Circulating Pneumolysin Is a Potent Inducer of Cardiac Injury during Pneumococcal Infection

Streptococcus pneumoniae accounts for more deaths worldwide than any other single pathogen through diverse disease manifestations including pneumonia, sepsis and meningitis. Life-threatening acute cardiac complications are more common in pneumococcal infection compared to other bacterial infections. Distinctively, these arise despite effective antibiotic therapy. Here, we describe a novel mechanism of myocardial injury, which is triggered and sustained by circulating pneumolysin (PLY). Using a mouse model of invasive pneumococcal disease (IPD), we demonstrate that wild type PLY-expressing pneumococci but not PLY-deficient mutants induced elevation of circulating cardiac troponins (cTns), well-recognized biomarkers of cardiac injury. Furthermore, elevated cTn levels linearly correlated with pneumococcal blood counts ( r=0.688, p=0.001) and levels were significantly higher in non-surviving than in surviving mice. These cTn levels were significantly reduced by administration of PLY-sequestering liposomes. Intravenous injection of purified PLY, but not a non-pore forming mutant (PdB), induced substantial increase in cardiac troponins to suggest that the pore-forming activity of circulating PLY is essential for myocardial injury in vivo. Purified PLY and PLY-expressing pneumococci also caused myocardial inflammatory changes but apoptosis was not detected. Exposure of cultured cardiomyocytes to PLY-expressing pneumococci caused dose-dependent cardiomyocyte contractile dysfunction and death, which was exacerbated by further PLY release following antibiotic treatment. We found that high PLY doses induced extensive cardiomyocyte lysis, but more interestingly, sub-lytic PLY concentrations triggered profound calcium influx and overload with subsequent membrane depolarization and progressive reduction in intracellular calcium transient amplitude, a key determinant of contractile force. This was coupled to activation of signalling pathways commonly associated with cardiac dysfunction in clinical and experimental sepsis and ultimately resulted in depressed cardiomyocyte contractile performance along with rhythm disturbance. Our study proposes a detailed molecular mechanism of pneumococcal toxin-induced cardiac injury and highlights the major translational potential of targeting circulating PLY to protect against cardiac complications during pneumococcal infections.

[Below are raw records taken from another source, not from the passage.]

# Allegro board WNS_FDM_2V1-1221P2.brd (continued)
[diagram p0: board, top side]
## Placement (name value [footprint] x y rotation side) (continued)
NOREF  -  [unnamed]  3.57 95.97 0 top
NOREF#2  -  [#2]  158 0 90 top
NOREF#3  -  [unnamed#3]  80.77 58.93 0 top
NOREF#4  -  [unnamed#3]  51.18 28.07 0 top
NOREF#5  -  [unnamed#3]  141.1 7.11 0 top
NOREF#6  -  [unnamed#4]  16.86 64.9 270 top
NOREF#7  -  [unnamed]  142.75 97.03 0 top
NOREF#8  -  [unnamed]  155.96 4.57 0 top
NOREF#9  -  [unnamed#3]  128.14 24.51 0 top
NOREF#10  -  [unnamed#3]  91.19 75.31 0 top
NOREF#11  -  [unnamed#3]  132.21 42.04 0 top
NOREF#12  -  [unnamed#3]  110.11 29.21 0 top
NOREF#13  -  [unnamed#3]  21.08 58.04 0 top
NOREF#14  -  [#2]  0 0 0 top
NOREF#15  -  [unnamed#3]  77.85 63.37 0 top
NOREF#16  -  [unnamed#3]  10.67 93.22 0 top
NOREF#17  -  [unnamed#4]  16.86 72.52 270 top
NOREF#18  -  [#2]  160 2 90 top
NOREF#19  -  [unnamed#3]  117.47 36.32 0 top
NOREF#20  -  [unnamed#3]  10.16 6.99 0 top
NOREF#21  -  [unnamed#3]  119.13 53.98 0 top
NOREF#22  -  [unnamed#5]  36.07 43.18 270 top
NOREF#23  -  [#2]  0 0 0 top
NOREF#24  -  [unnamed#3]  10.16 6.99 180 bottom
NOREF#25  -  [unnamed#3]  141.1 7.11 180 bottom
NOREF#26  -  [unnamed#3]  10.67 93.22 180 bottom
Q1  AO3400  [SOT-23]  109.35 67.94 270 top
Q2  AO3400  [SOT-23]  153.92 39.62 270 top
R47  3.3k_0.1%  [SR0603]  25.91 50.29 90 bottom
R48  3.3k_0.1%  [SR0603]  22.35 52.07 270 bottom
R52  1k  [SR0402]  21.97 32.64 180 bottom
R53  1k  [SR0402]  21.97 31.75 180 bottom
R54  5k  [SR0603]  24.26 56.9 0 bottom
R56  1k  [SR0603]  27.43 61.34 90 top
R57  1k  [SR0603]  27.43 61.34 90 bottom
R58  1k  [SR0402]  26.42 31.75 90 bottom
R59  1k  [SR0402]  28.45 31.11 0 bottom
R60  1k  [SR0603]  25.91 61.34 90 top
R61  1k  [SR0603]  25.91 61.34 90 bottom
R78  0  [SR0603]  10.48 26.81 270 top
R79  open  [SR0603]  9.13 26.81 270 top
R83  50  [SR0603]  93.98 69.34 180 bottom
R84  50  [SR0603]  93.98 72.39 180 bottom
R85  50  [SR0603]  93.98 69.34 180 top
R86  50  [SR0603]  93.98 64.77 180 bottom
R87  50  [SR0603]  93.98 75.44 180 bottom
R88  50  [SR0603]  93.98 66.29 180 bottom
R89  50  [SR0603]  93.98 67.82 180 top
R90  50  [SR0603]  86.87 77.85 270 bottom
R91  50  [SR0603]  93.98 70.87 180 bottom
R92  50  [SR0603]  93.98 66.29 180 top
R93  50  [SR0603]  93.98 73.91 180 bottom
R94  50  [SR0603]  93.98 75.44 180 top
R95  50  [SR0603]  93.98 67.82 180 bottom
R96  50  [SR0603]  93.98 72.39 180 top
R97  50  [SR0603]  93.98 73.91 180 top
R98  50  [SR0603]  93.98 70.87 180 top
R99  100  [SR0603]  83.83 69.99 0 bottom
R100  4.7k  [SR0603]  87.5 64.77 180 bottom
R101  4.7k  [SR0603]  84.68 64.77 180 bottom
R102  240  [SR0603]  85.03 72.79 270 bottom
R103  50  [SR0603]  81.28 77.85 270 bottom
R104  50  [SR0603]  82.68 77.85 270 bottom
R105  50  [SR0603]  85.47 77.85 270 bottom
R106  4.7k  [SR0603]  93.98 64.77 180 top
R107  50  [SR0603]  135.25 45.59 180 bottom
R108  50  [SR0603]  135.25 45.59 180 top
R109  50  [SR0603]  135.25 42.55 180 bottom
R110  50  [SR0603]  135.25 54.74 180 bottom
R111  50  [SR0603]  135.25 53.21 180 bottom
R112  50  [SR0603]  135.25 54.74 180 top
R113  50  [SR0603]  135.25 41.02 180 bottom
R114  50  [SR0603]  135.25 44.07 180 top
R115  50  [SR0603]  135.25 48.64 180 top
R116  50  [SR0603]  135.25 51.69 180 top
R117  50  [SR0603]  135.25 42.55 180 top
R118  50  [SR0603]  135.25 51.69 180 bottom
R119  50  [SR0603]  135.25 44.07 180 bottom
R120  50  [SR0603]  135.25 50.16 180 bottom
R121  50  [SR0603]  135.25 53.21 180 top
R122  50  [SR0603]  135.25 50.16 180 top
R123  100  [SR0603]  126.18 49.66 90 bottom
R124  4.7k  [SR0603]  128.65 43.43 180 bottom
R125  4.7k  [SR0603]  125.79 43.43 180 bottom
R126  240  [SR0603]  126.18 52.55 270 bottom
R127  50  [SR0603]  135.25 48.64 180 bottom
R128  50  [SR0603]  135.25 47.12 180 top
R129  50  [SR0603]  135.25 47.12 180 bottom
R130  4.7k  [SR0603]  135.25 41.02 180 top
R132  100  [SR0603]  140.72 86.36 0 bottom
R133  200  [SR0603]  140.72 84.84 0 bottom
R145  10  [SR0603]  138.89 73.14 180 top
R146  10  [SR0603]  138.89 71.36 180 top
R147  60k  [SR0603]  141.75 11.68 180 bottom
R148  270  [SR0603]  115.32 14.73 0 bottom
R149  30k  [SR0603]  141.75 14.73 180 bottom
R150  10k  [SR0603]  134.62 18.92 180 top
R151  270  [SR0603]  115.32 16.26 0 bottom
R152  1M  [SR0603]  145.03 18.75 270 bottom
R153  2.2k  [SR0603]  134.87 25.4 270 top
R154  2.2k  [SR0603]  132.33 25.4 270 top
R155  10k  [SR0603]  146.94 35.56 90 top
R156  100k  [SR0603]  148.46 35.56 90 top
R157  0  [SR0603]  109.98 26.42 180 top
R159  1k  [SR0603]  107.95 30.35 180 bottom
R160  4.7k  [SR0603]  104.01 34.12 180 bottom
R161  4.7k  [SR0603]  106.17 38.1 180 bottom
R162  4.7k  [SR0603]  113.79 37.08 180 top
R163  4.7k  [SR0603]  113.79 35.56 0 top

Cardiac complications frequently accompany invasive disease caused by the pathogen Streptococcus pneumoniae and are associated with significant increases in mortality, however the underlying mechanisms remain elusive. Here, we describe a new mechanism by which pneumococci in the blood stream induce elevation of circulating cardiac troponins; proteins that are markers of cardiac injury and cause inflammatory cell infiltration into the myocardium. We demonstrate that this process is mediated by the circulating pneumococcal toxin pneumolysin (PLY). We also show that antibiotic treatment can exacerbate cardiac injury and dysfunction following pneumococcal infection due to bacterial lysis and the release of PLY, which represents a further mechanistic explanation for the process of cardiac scarring and inflammation. We demonstrate that in addition to its role in inducing death of cardiac cells at high concentrations, PLY at lower (non-lytic) concentrations trigger a range of cellular events starting with cellular membrane pore-formation, substantial calcium overload which then mediates mechanical and electrical disturbance to the function of cardiac cells. Our work proposes that novel translational strategies to detect and neutralize circulating PLY during pneumococcal disease could be utilized to assess disease severity and should be targeted for prevention/treatment purposes.